When I went to log in, Mozy claimed that I had the wrong password. I tried again. And again. Mozy would not let me in. Finally, I gave up and clicked on "Forgot my password" and Mozy claimed to reset it and send it to me. But I never received an e-mail. So I tried again. And again. Still no e-mails. I e-mailed support. Four days later, I still had not received a response. I e-mailed again --- another few days and still no response. At this point I was getting desperate --- it had been a week and I had no way of logging in to retrieve my files. Since I wasn't a "MozyPro" customer, all my attempts to call up support were rebuffed. I tried calling up the Mozy sales number to see if they could help me, but they were unable to. I tried the online chat, and they were unable to as well, but suggested that I email "forgot@mozy.com" to try to get my password reset manually that way.

This last suggestion worked, and I was finally able to log in. But to my horror, all my files were gone! It's hard to describe the despair as one starts to realize that one put the trust in the wrong place and all files created in the last year might actually be gone. I e-mailed support and this time received a much faster response:

" Mozy may terminate your account and these Terms immediately and without notice if your computer fails to access the Services to perform a backup for more than thirty (30) days or you fail to comply with these Terms."

So, because it took so long to get my computer replaced (the whole reason why I was using Mozy in the first place), Mozy decided to delete my account (without telling me). I e-mailed back support and asked if there was any way to recover the files even though the account was deleted. They wrote back:

"I wish there was something I could do for you. I have even checked with an L2 tech to try and get the files back and he said that he was not able to recover them."

So I trusted EMC Mozy to backup my files, and they decided to delete them. And they do not have the processes in place to recover them. This is not how the cloud is supposed to work. Clearly EMC does not understand the cloud. I hope that anybody reading this blog does not make the same mistake: EMC 's cloud services are not trustworthy.

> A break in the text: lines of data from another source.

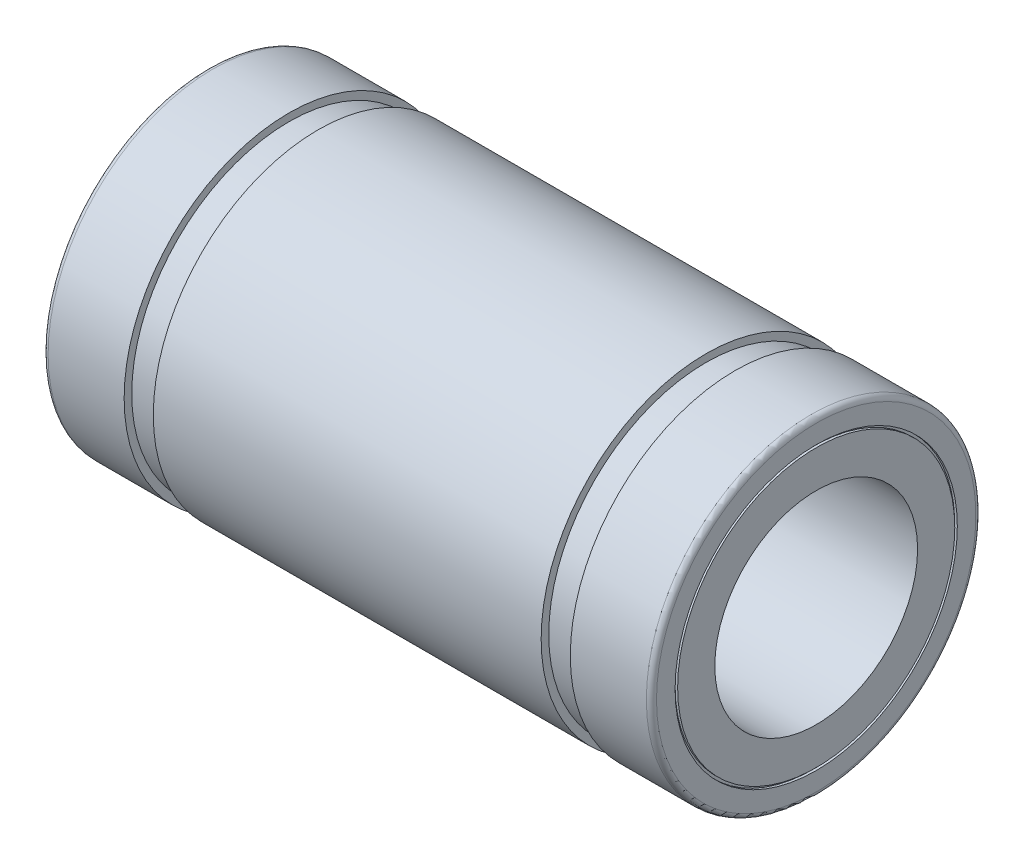
ISO-10303-21;
HEADER;
FILE_DESCRIPTION(('STEP AP214'),'2;1');
FILE_NAME('part.step','',(''),(''),'','','');
FILE_SCHEMA(('AUTOMOTIVE_DESIGN { 1 0 10303 214 1 1 1 1 }'));
ENDSEC;
DATA;
#1=APPLICATION_CONTEXT('core data for automotive mechanical design processes');
#2=APPLICATION_PROTOCOL_DEFINITION('international standard','automotive_design',2000,#1);
#3=PRODUCT_CONTEXT('',#1,'mechanical');
#4=PRODUCT('Part','Part','',(#3));
#5=PRODUCT_RELATED_PRODUCT_CATEGORY('part','',(#4));
#6=PRODUCT_DEFINITION_FORMATION('','',#4);
#7=PRODUCT_DEFINITION_CONTEXT('part definition',#1,'design');
#8=PRODUCT_DEFINITION('design','',#6,#7);
#9=PRODUCT_DEFINITION_SHAPE('','',#8);
#10=(LENGTH_UNIT() NAMED_UNIT(*) SI_UNIT(.MILLI.,.METRE.));
#11=(NAMED_UNIT(*) PLANE_ANGLE_UNIT() SI_UNIT($,.RADIAN.));
#12=(NAMED_UNIT(*) SI_UNIT($,.STERADIAN.) SOLID_ANGLE_UNIT());
#13=UNCERTAINTY_MEASURE_WITH_UNIT(LENGTH_MEASURE(1.E-05),#10,'distance_accuracy_value','');
#14=(GEOMETRIC_REPRESENTATION_CONTEXT(3) GLOBAL_UNCERTAINTY_ASSIGNED_CONTEXT((#13)) GLOBAL_UNIT_ASSIGNED_CONTEXT((#10,
#11,#12)) REPRESENTATION_CONTEXT('',''));
#15=CARTESIAN_POINT('',(0.,0.,0.));
#16=DIRECTION('',(0.,0.,1.));
#17=DIRECTION('',(1.,0.,0.));
#18=AXIS2_PLACEMENT_3D('',#15,#16,#17);
#19=CARTESIAN_POINT('',(-12.,-6.47214093325049,-6.3));
#20=DIRECTION('',(-1.,0.,0.));
#21=DIRECTION('',(0.,0.,1.));
#22=AXIS2_PLACEMENT_3D('',#19,#20,#21);
#23=PLANE('',#22);
#24=CARTESIAN_POINT('',(-12.,0.,0.));
#25=DIRECTION('',(-1.,0.,0.));
#26=DIRECTION('',(0.,0.,-1.));
#27=AXIS2_PLACEMENT_3D('',#24,#25,#26);
#28=CIRCLE('',#27,6.30000004777622);
#29=CARTESIAN_POINT('',(-12.,0.,-6.30000004777622));
#30=VERTEX_POINT('',#29);
#31=EDGE_CURVE('E86',#30,#30,#28,.F.);
#32=ORIENTED_EDGE('',*,*,#31,.F.);
#33=EDGE_LOOP('',(#32));
#34=FACE_BOUND('',#33,.T.);
#35=CARTESIAN_POINT('',(-12.,0.,0.));
#36=DIRECTION('',(1.,0.,0.));
#37=DIRECTION('',(0.,-1.16848965633094E-09,1.));
#38=AXIS2_PLACEMENT_3D('',#35,#36,#37);
#39=CIRCLE('',#38,5.5666666666667);
#40=CARTESIAN_POINT('',(-12.,-6.50459242024226E-09,5.5666666666667));
#41=VERTEX_POINT('',#40);
#42=EDGE_CURVE('E83',#41,#41,#39,.T.);
#43=ORIENTED_EDGE('',*,*,#42,.T.);
#44=EDGE_LOOP('',(#43));
#45=FACE_BOUND('',#44,.T.);
#46=ADVANCED_FACE('F15',(#34,#45),#23,.T.);
#47=CARTESIAN_POINT('',(-11.9,-5.5666666666667,-5.5666666666667));
#48=DIRECTION('',(-1.,0.,0.));
#49=DIRECTION('',(0.,0.,1.));
#50=AXIS2_PLACEMENT_3D('',#47,#48,#49);
#51=PLANE('',#50);
#52=CARTESIAN_POINT('',(-11.9,0.,0.));
#53=DIRECTION('',(-1.,0.,0.));
#54=DIRECTION('',(0.,0.,-1.));
#55=AXIS2_PLACEMENT_3D('',#52,#53,#54);
#56=CIRCLE('',#55,5.5666666666667);
#57=CARTESIAN_POINT('',(-11.9,0.,-5.5666666666667));
#58=VERTEX_POINT('',#57);
#59=EDGE_CURVE('E80',#58,#58,#56,.F.);
#60=ORIENTED_EDGE('',*,*,#59,.F.);
#61=EDGE_LOOP('',(#60));
#62=FACE_BOUND('',#61,.T.);
#63=CARTESIAN_POINT('',(-11.9,0.,0.));
#64=DIRECTION('',(1.,0.,0.));
#65=DIRECTION('',(0.,0.,1.));
#66=AXIS2_PLACEMENT_3D('',#63,#64,#65);
#67=CIRCLE('',#66,5.4666666666667);
#68=CARTESIAN_POINT('',(-11.9,0.,5.4666666666667));
#69=VERTEX_POINT('',#68);
#70=EDGE_CURVE('E77',#69,#69,#67,.T.);
#71=ORIENTED_EDGE('',*,*,#70,.T.);
#72=EDGE_LOOP('',(#71));
#73=FACE_BOUND('',#72,.T.);
#74=ADVANCED_FACE('F95',(#62,#73),#51,.T.);
#75=CARTESIAN_POINT('',(11.9,-5.5666666666667,5.5666666666667));
#76=DIRECTION('',(1.,0.,0.));
#77=DIRECTION('',(0.,0.,-1.));
#78=AXIS2_PLACEMENT_3D('',#75,#76,#77);
#79=PLANE('',#78);
#80=CARTESIAN_POINT('',(11.9,0.,0.));
#81=DIRECTION('',(1.,0.,0.));
#82=DIRECTION('',(0.,-1.16849013498997E-09,1.));
#83=AXIS2_PLACEMENT_3D('',#80,#81,#82);
#84=CIRCLE('',#83,5.5666666666667);
#85=CARTESIAN_POINT('',(11.9,-6.50459508477752E-09,5.5666666666667));
#86=VERTEX_POINT('',#85);
#87=EDGE_CURVE('E74',#86,#86,#84,.T.);
#88=ORIENTED_EDGE('',*,*,#87,.T.);
#89=EDGE_LOOP('',(#88));
#90=FACE_BOUND('',#89,.T.);
#91=CARTESIAN_POINT('',(11.9,0.,0.));
#92=DIRECTION('',(-1.,0.,0.));
#93=DIRECTION('',(0.,0.,-1.));
#94=AXIS2_PLACEMENT_3D('',#91,#92,#93);
#95=CIRCLE('',#94,5.4666666666667);
#96=CARTESIAN_POINT('',(11.9,0.,-5.4666666666667));
#97=VERTEX_POINT('',#96);
#98=EDGE_CURVE('E71',#97,#97,#95,.F.);
#99=ORIENTED_EDGE('',*,*,#98,.F.);
#100=EDGE_LOOP('',(#99));
#101=FACE_BOUND('',#100,.T.);
#102=ADVANCED_FACE('F184',(#90,#101),#79,.T.);
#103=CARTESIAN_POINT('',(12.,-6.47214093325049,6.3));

If you have similar stories, please share them with me --- cloud providers need to feel pressure not to arbitrarily delete data without first warning their customers. Otherwise the cloud cannot work.

[Update: It turns out that EMC Mozy does have important safeguards in place. After coming across this blog post, several members of the Mozy technical team met with each other to try to understand what happened, managed to recover my data, and called me afterward. Here's the scoop: the Mozy software is designed to notify you before your account is deleted. The problem was that my computer with the Mozy software installed had failed, so the software couldn't notify me. Mozy does indeed wait six months before deleting an account, but for me, due to a weird corner case involving a second computer that had previously been backing up to Mozy that I had stopped using, the six month clock had started ticking in July. Thus, the timing of my second computer failing was really unlucky. However, since they did have safeguards in place, they did manage to recover this deleted data. I am obviously really grateful that they went to this great effort. They told me in the phone that they learned from this experience and are making improvements as a result --- most notably to do more than rely on the software to notify a user before the account is deleted. Given how helpful and straightforward the Mozy employees were over the course of this phone call, I wholeheartedly believe that they really are going to fix this issue. Hence, I have no qualms recommending Mozy to other people moving forward. Again, the most important thing was that there were safeguards in place --- obviously it took some additional motivation for these safeguards to be used, but as long as they exist, I feel comfortable using cloud storage moving forward.]